If this feature doesn’t help, talk with your doctor about changing to a device that automatically and constantly adjusts the pressure while you’re sleeping. An example is a bi-level positive airway pressure (BPAP) machine that delivers more pressure when you breathe in (inhale) and less when you breathe out (exhale).
4. Dry, stuffy nose
Check to make sure your mask fits well. A leaky mask can dry out your nose. If you have to tighten straps often to prevent air leakage, the mask does not fit properly.
A CPAP device that features a heated humidifier, which attaches to the air pressure machine, can help. You can adjust the level of humidification. Using a nasal saline spray at bedtime also can help ease a dry, stuffy nose.
5. Feeling claustrophobic
Practice using your mask while you’re awake. First, just hold it up to your face without any of the other parts. Once you’re comfortable with that, try wearing the mask with the straps.
Next, try holding the mask with the attached hose on your face, without using the straps. Turn on the CPAP machine, perhaps with the ramp feature turned on. Next, do this using the straps too.
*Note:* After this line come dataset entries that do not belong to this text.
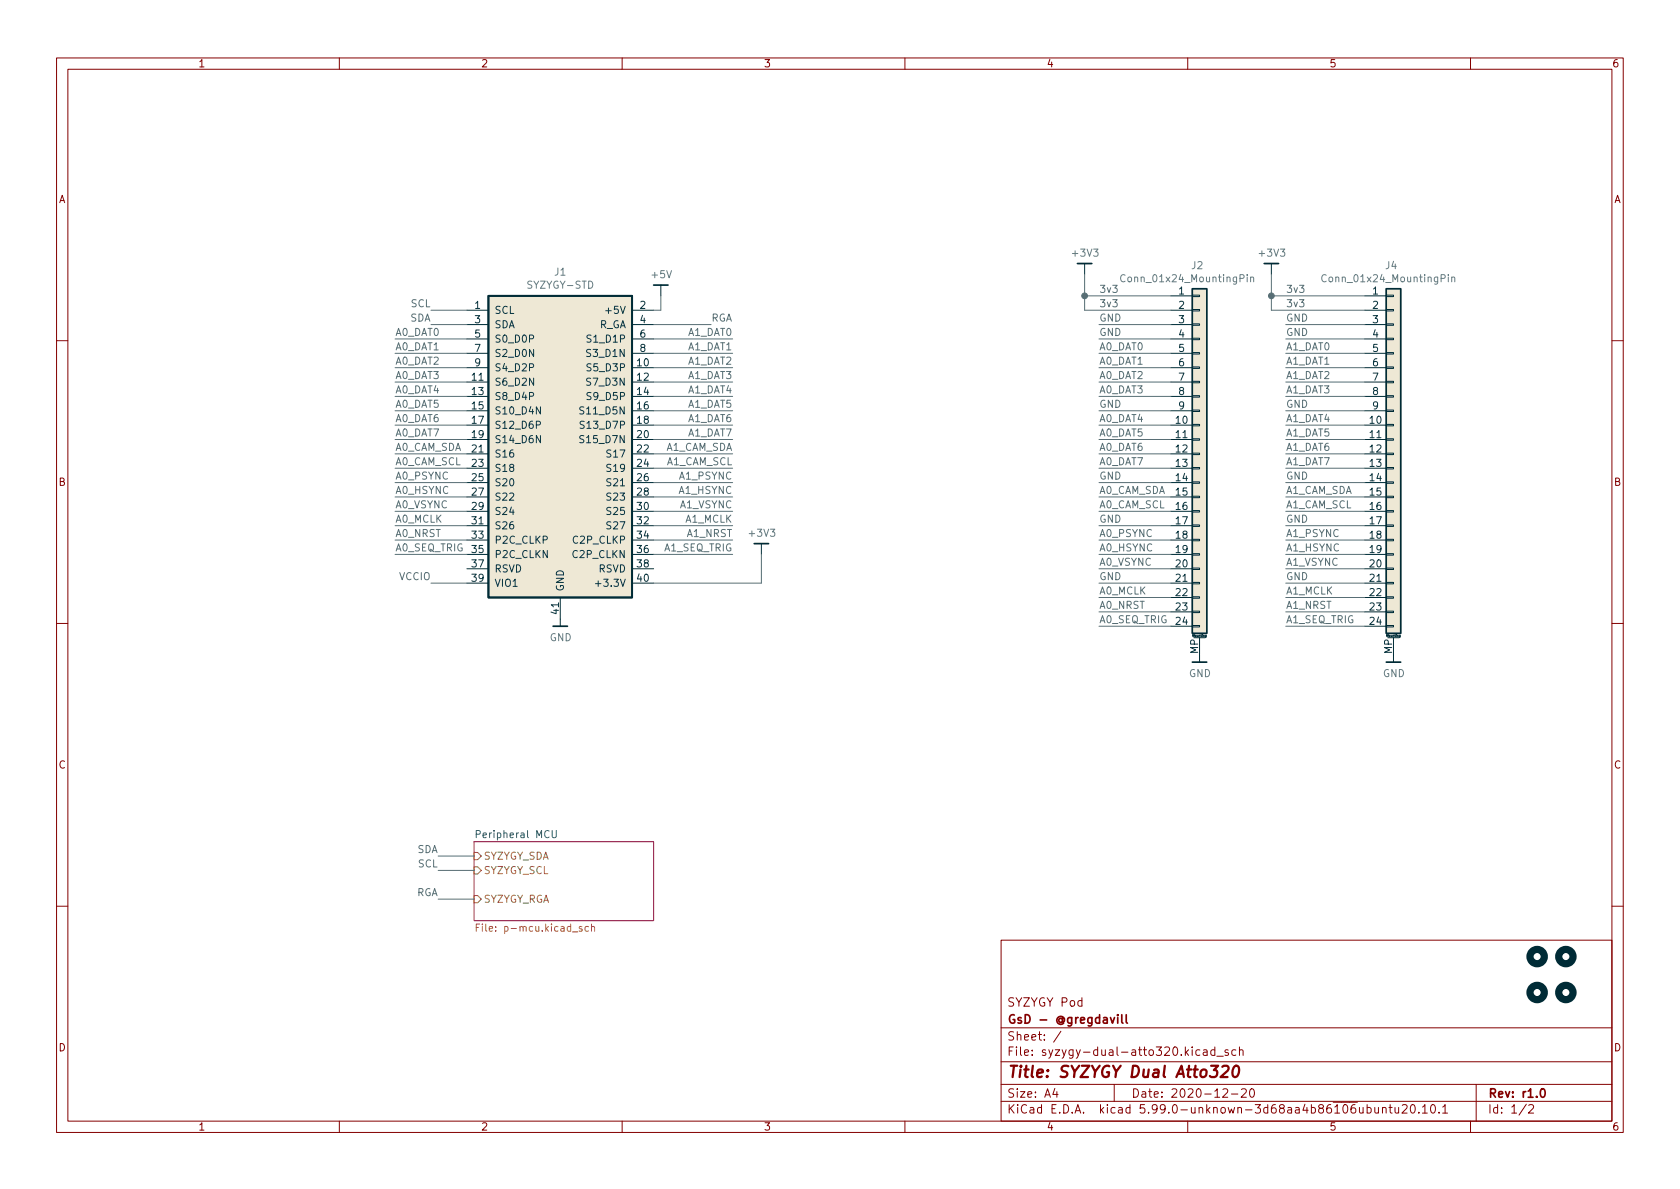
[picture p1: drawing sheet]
<svg xmlns="http://www.w3.org/2000/svg" width="297mm" height="210mm" viewBox="0 0 297 210" stroke-linecap="round" stroke-linejoin="round" font-family="sans-serif">
<g fill="none" stroke="#840000" stroke-width=".18">
<path d="M10 10.2h277v190.1h-277zM12 12.2h273v186.1h-273zM60 10.2v2M110 10.2v2M160 10.2v2M210 10.2v2M260 10.2v2M10 60.2h2M285 60.2h2M10 110.2h2M285 110.2h2M10 160.2h2"/>
<path d="M177 166.3h108v32h-108zM285 160.2h2M60 198.3v2M110 198.3v2M160 198.3v2M177 194.8h108M177 191.8h108M177 187.8h108M177 181.8h108M186.5 192.5l-.4 1h1M186.9 193v1M187.6 182.4l-1.3 1.9"/>
<path d="M197 191.8v3M210 198.3v2M212.1 185.7l-.4-.1-.3 .3v.4l.2 .3h.5M212.8 185.7h.6v.9M213.4 186l-.5 .1a.29 .29 0 0 0-.2 .2 .29 .29 0 0 0 .2 .3h.5M214.8 185.7l-.4-.1-.3 .3v.4l.1 .3h.6M214.8 185.1v1.5M215.1 186.8h1.2M216.2 192.7l.6-.2 .2 .2 .1 .3-1 1h1M217.1 185.7l-.3-.1-.2 .2v.3l.5 .1v.4h-.5M217.7 193.5h1.2M218.5 185.7l-.4-.1-.3 .3v.4l.1 .3h.6"/>
<path d="M219.1 185.8l.3-.2 .3 .1 .1 .9M219.1 185.1v1.5M219.5 192.7l.6-.2 .2 .2 .1 .3-1 1h1M221.1 192.6l.2-.1a.81 .81 0 0 1 .6 .7 .81 .81 0 0 1-.3 .8h-.2a.81 .81 0 0 1-.5-.6 .81 .81 0 0 1 .2-.8zM243.1 195.8v1h.4l.2-.1M243.7 195.8v1M244.4 196l.2-.2 .4 .1 .1 .9M244.4 195.8v1M245.6 195.8h.5M245.8 195.3v1.3l.3 .2M246.6 195.8l.1 1h.4l.2-.1M247.3 195.8v1"/>
<path d="M247.9 195.5l.6-.2 .2 .2 .1 .3-.9 1h.9M249.6 195.4l.1-.1a.81 .81 0 0 1 .6 .7 .81 .81 0 0 1-.3 .8h-.1a.81 .81 0 0 1-.6-.6 .81 .81 0 0 1 .3-.8zM250.9 196.7v.1M251.5 195.8l.4-.5v1.5M251.5 196.8h.9M253.1 195.4l.2-.1a.81 .81 0 0 1 .6 .7 .81 .81 0 0 1-.3 .8h-.2a.81 .81 0 0 1-.5-.6 .81 .81 0 0 1 .2-.8zM254.4 196.7v.1M255.1 195.8l.4-.5v1.5M255.1 196.8h.8M260 198.3v2M261 191.8v6.5M269.9 195.3l-1.3 1.9"/>
<path d="M270.3 195.5l.6-.2 .2 .2 .1 .3-1 1h1"/>
</g>
<path d="M196.3 179.9l.4 1 .4-1M197.6 179.4v.2M197.6 179.9v1M198.3 179.4v1.3l.3 .2M199.1 179.4v1.3l.2 .2M272.6 192.6l.1-.1a.81 .81 0 0 1 .6 .7 .81 .81 0 0 1-.3 .8h-.2a.82 .82 0 0 1-.5-.6 .82 .82 0 0 1 .3-.8z" fill="none" stroke="#840000" stroke-width=".3"/>
<path d="M216.1 188.7l.3-.2h.5a.45 .45 0 0 1 .3 .5l-.1 .3-1.3 1.2h1.2M218.2 188.7a.46 .46 0 0 1 .5-.2 .46 .46 0 0 1 .3 .3 1.15 1.15 0 0 1-.7 1.7l-.2-.1a1.54 1.54 0 0 1 .1-1.7z" fill="none" stroke="#840000" stroke-width=".4"/>
<path d="M83.8 148.8h31.8v14h-31.8z" fill="#fff" stroke="#fff" stroke-width=".18"/>
<path d="M83.8 148.8h31.8v14h-31.8z" fill="none" stroke="#840084" stroke-width=".18"/>
<path d="M84.2 147.5h.6l.1-.2v-.3l-.7-.1v1.2M97.6 146.9v1l.3 .2h.3l.2-.2v-1" fill="none" stroke="#008484" stroke-width=".18"/>
<path d="M84.2 164h.4M84.8 163.4h-.6v1.3M104 163.9l-.3-.1-.3 .3 .2 .5h.4M104.6 163.9l.2-.1 .3 .1v.8M104.6 163.4v1.3" fill="none" stroke="#b58900" stroke-width=".18"/>
<path d="M83.8 153.3h.7l.6 .6-.6 .7h-.7zM83.8 150.7h.7l.6 .7-.6 .6h-.7zM83.8 158.4h.7l.6 .6-.6 .6h-.7z" fill="none" stroke="#859900" stroke-width=".18"/>
<g fill="none" stroke="#002b36" stroke-width=".18">
<path d="M82.5 54.9h3.9M82.5 57.4h3.9M82.5 59.9h3.9M111.8 54.9h3.8M111.8 57.4h3.8M111.8 59.9h3.8M116.8 50.4v1.9M191.8 46.6v1.9M207 54.9h3.8M207 57.4h3.8M207 59.9h3.8M207 52.3h3.8"/>
<path d="M210.8 54.7h1.3v.3h-1.3zM210.8 52.2h1.3v.2h-1.3zM210.8 59.8h1.3v.3h-1.3zM210.8 57.3h1.3v.2h-1.3zM224.8 46.6v1.9M241.3 54.9h3.8M241.3 57.4h3.8M241.3 59.9h3.8M241.3 52.3h3.8M245.1 54.7h1.3v.3h-1.3zM245.1 52.2h1.3v.2h-1.3zM245.1 59.8h1.3v.3h-1.3z"/>
<path d="M245.1 57.3h1.3v.2h-1.3zM82.5 65h3.9M82.5 67.6h3.9M82.5 70.1h3.9M82.5 72.6h3.9M82.5 75.2h3.9M82.5 77.7h3.9M82.5 62.5h3.9M111.8 65h3.8M111.8 67.6h3.8M111.8 70.1h3.8M111.8 72.6h3.8"/>
<path d="M111.8 75.2h3.8M111.8 77.7h3.8M111.8 62.5h3.8M207 65h3.8M207 67.6h3.8M207 70.1h3.8M207 72.6h3.8M207 75.2h3.8M207 77.7h3.8M207 62.5h3.8M210.8 77.6h1.3v.2h-1.3zM210.8 75.1h1.3v.2h-1.3z"/>
<path d="M210.8 72.5h1.3v.3h-1.3zM210.8 70h1.3v.2h-1.3zM210.8 67.4h1.3v.3h-1.3zM210.8 64.9h1.3v.2h-1.3zM210.8 62.4h1.3v.2h-1.3zM241.3 65h3.8M241.3 67.6h3.8M241.3 70.1h3.8M241.3 72.6h3.8M241.3 75.2h3.8M241.3 77.7h3.8M241.3 62.5h3.8"/>
<path d="M245.1 77.6h1.3v.2h-1.3zM245.1 75.1h1.3v.2h-1.3zM245.1 72.5h1.3v.3h-1.3zM245.1 70h1.3v.2h-1.3zM245.1 67.4h1.3v.3h-1.3zM245.1 64.9h1.3v.2h-1.3zM245.1 62.4h1.3v.2h-1.3zM82.5 80.3h3.9M82.5 82.8h3.9M82.5 85.3h3.9M82.5 87.9h3.9M82.5 90.4h3.9"/>
<path d="M82.5 93h3.9M82.5 95.5h3.9M82.5 98h3.9M111.8 80.3h3.8M111.8 82.8h3.8M111.8 85.3h3.8M111.8 87.9h3.8M111.8 90.4h3.8M111.8 93h3.8M111.8 95.5h3.8M111.8 98h3.8M134.6 96.1v1.9"/>
<path d="M207 80.3h3.8M207 82.8h3.8M207 85.3h3.8M207 87.9h3.8M207 90.4h3.8M207 93h3.8M207 95.5h3.8M207 98h3.8M210.8 85.2h1.3v.3h-1.3zM210.8 87.8h1.3v.2h-1.3zM210.8 90.3h1.3v.2h-1.3zM210.8 92.8h1.3v.3h-1.3z"/>
<path d="M210.8 95.4h1.3v.2h-1.3zM210.8 97.9h1.3v.3h-1.3zM210.8 82.7h1.3v.2h-1.3zM210.8 80.1h1.3v.3h-1.3zM241.3 80.3h3.8M241.3 82.8h3.8M241.3 85.3h3.8M241.3 87.9h3.8M241.3 90.4h3.8M241.3 93h3.8M241.3 95.5h3.8M241.3 98h3.8"/>
<path d="M245.1 85.2h1.3v.3h-1.3zM245.1 87.8h1.3v.2h-1.3zM245.1 90.3h1.3v.2h-1.3zM245.1 92.8h1.3v.3h-1.3zM245.1 95.4h1.3v.2h-1.3zM245.1 97.9h1.3v.3h-1.3zM245.1 82.7h1.3v.2h-1.3zM245.1 80.1h1.3v.3h-1.3zM82.5 100.6h3.9M82.5 103.1h3.9M99.1 105.7v5M111.8 100.6h3.8"/>
<path d="M111.8 103.1h3.8M207 100.6h3.8M207 103.1h3.8M207 105.7h3.8M207 108.2h3.8M207 110.7h3.8M210.8 108.1h1.3v.2h-1.3zM210.8 110.6h1.3v.3h-1.3zM210.8 100.5h1.3v.2h-1.3zM210.8 103h1.3v.2h-1.3zM210.8 105.5h1.3v.3h-1.3zM211.1 112.8h2"/>
<path d="M212.1 112.8v4.3M213.3 112.3v.3l-.2 .1M213.3 112.3l-.2 .1v.2h.2M241.3 100.6h3.8M241.3 103.1h3.8M241.3 105.7h3.8M241.3 108.2h3.8M241.3 110.7h3.8M245.1 108.1h1.3v.2h-1.3zM245.1 110.6h1.3v.3h-1.3zM245.1 100.5h1.3v.2h-1.3zM245.1 103h1.3v.2h-1.3z"/>
<path d="M245.1 105.5h1.3v.3h-1.3zM245.4 112.8h2M246.4 112.8v4.3M247.6 112.3v.3l-.2 .1M247.6 112.3l-.2 .1v.2h.2"/>
</g>
<path d="M115.6 50.4h2.5M190.5 46.6h2.5M223.5 46.6h2.6M133.3 96.1h2.6M97.8 110.7h2.5M210.8 117.1h2.6M245.1 117.1h2.5" fill="none" stroke="#002b36" stroke-width=".3"/>
<g fill="#eee8d5" stroke="#eee8d5" stroke-width=".18">
<path d="M86.4 52.3h25.4v53.4h-25.4z"/>
<path d="M245.1 51h2.5v61h-2.5z"/>
<path d="M210.8 51h2.6v61h-2.6z"/>
</g>
<path d="M86.4 52.3h25.4v53.4h-25.4z" fill="none" stroke="#002b36" stroke-width=".33"/>
<path d="M94.8 75.1h.6l.2-.2-.1-.3-.7-.1v1.3M95.6 71.9v1.3l-.8-1.3v1.3M95.6 77v1.3l-.8-1.3v1.3M103.2 72l-.5-.1-.1 .2v.3l.5 .3 .1 .3-.2 .2h-.5M103.2 77.1l-.5-.1-.1 .1v.4l.5 .2 .1 .4-.2 .2-.5-.1M103.3 74.5h-.5l-.2 .1v.4l.6 .2 .1 .3-.3 .3-.4-.1M105.3 103.2h1" fill="none" stroke="#073642" stroke-width=".18"/>
<g fill="none" stroke="#002b36" stroke-width="1.3">
<circle cx="271.8" cy="169.2" r="1.27"/>
<circle cx="271.8" cy="175.5" r="1.27"/>
<circle cx="276.9" cy="175.5" r="1.27"/>
<circle cx="276.9" cy="169.2" r="1.27"/>
</g>
<path d="M210.8 51h2.6v61h-2.6zM245.1 51h2.5v61h-2.5z" fill="none" stroke="#002b36" stroke-width=".25"/>
<path d="M198.9 48.7a.6 .6 0 0 0-.8 .4 .6 .6 0 0 0 .6 .7l.2-.1M220.5 48.6v.1M220.5 49v.8M221.1 49.1l.2-.1 .3 .1 .1 .7M221.1 49v.8M234.5 48.7a.6 .6 0 0 0-.9 .4 .6 .6 0 0 0 .6 .7l.3-.1M256.1 48.6v.1M256.1 49v.8M256.7 49.1l.2-.1 .3 .1v.7M256.7 49v.8" fill="none" stroke="#657b83" stroke-width=".18"/>
<g fill="none" stroke="#586e75" stroke-width=".18">
<path d="M69.8 59.9h12.7M76.2 57.4h6.3M76.2 54.9h6.3M115.6 59.9h13.9M115.6 57.4h10.1M116.8 52.3v2.6h-1.2M191.8 48.5v6.4h15.2M191.8 52.3h15.2M194.3 59.9h12.7M194.3 57.4h12.7M224.8 48.5v6.4h16.5M224.8 52.3h16.5"/>
<path d="M227.3 59.9h14M227.3 57.4h14M69.8 62.5h12.7M69.8 65h12.7M69.8 67.6h12.7M69.8 70.1h12.7M69.8 72.6h12.7M69.8 75.2h12.7M69.8 77.7h12.7M115.6 62.5h13.9M115.6 65h13.9M115.6 67.6h13.9"/>
<path d="M115.6 70.1h13.9M115.6 72.6h13.9M115.6 75.2h13.9M115.6 77.7h13.9M194.3 62.5h12.7M194.3 65h12.7M194.3 67.6h12.7M194.3 70.1h12.7M194.3 72.6h12.7M194.3 75.2h12.7M194.3 77.7h12.7M227.3 62.5h14"/>
<path d="M227.3 65h14M227.3 67.6h14M227.3 70.1h14M227.3 72.6h14M227.3 75.2h14M227.3 77.7h14M69.8 80.3h12.7M69.8 98h12.7M69.8 82.8h12.7M69.8 93h12.7M69.8 90.4h12.7M69.8 95.5h12.7"/>
<path d="M69.8 85.3h12.7M69.8 87.9h12.7M115.6 80.3h13.9M115.6 98h13.9M115.6 82.8h13.9M115.6 93h13.9M115.6 90.4h13.9M115.6 95.5h13.9M115.6 85.3h13.9M115.6 87.9h13.9M134.6 98v5.1h-19M194.3 80.3h12.7"/>
<path d="M194.3 98h12.7M194.3 82.8h12.7M194.3 93h12.7M194.3 90.4h12.7M194.3 95.5h12.7M194.3 85.3h12.7M194.3 87.9h12.7M227.3 80.3h14M227.3 98h14M227.3 82.8h14M227.3 93h14M227.3 90.4h14"/>
<path d="M227.3 95.5h14M227.3 85.3h14M227.3 87.9h14M76.2 103.1h6.3M194.3 103.1h12.7M194.3 108.2h12.7M194.3 110.7h12.7M194.3 105.7h12.7M194.3 100.6h12.7M227.3 103.1h14M227.3 108.2h14M227.3 110.7h14"/>
<path d="M227.3 105.7h14M227.3 100.6h14M77.5 159h6.3M77.5 151.4h6.3M77.5 153.9h6.3"/>
</g>
<g fill="#586e75" stroke="#586e75" stroke-width=".18">
<circle cx="191.8" cy="52.3" r=".51"/>
<circle cx="224.8" cy="52.3" r=".51"/>
</g>
<text font-size="2.8" fill="#840000" x="178" y="190.6">Title: SYZYGY Dual Atto320</text>
<g font-size="2.1" fill="#840000">
<text x="178" y="178">SYZYGY Pod</text>
<text x="178" y="184">Sheet: /</text>
<text x="178" y="181">GsD - @gregdavill</text>
<text x="178" y="186.7">File: syzygy-dual-atto320.kicad_sch</text>
<text x="178" y="196.9">KiCad E.D.A. kicad 5.99.0-unknown-3d68aa4b86~106~ubuntu20.10.1</text>
<text x="178" y="194.1">Size: A4</text>
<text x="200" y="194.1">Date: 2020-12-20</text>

Finally, try sleeping with the mask and machine on.
Relaxation exercises, such as progressive muscle relaxation, may help reduce anxiety related to CPAP use.
If you’re still feeling claustrophobic, talk to your doctor or CPAP supplier. It may help to get a different size mask or try a different style, such as one that uses nasal pillows.
6. Leaky mask, skin irritation or pressure sores
A leaky or an ill-fitting mask means you’re not getting the full air pressure you need, and you may be irritating your skin. The mask can also blow air into your eyes, causing them to become dry or teary.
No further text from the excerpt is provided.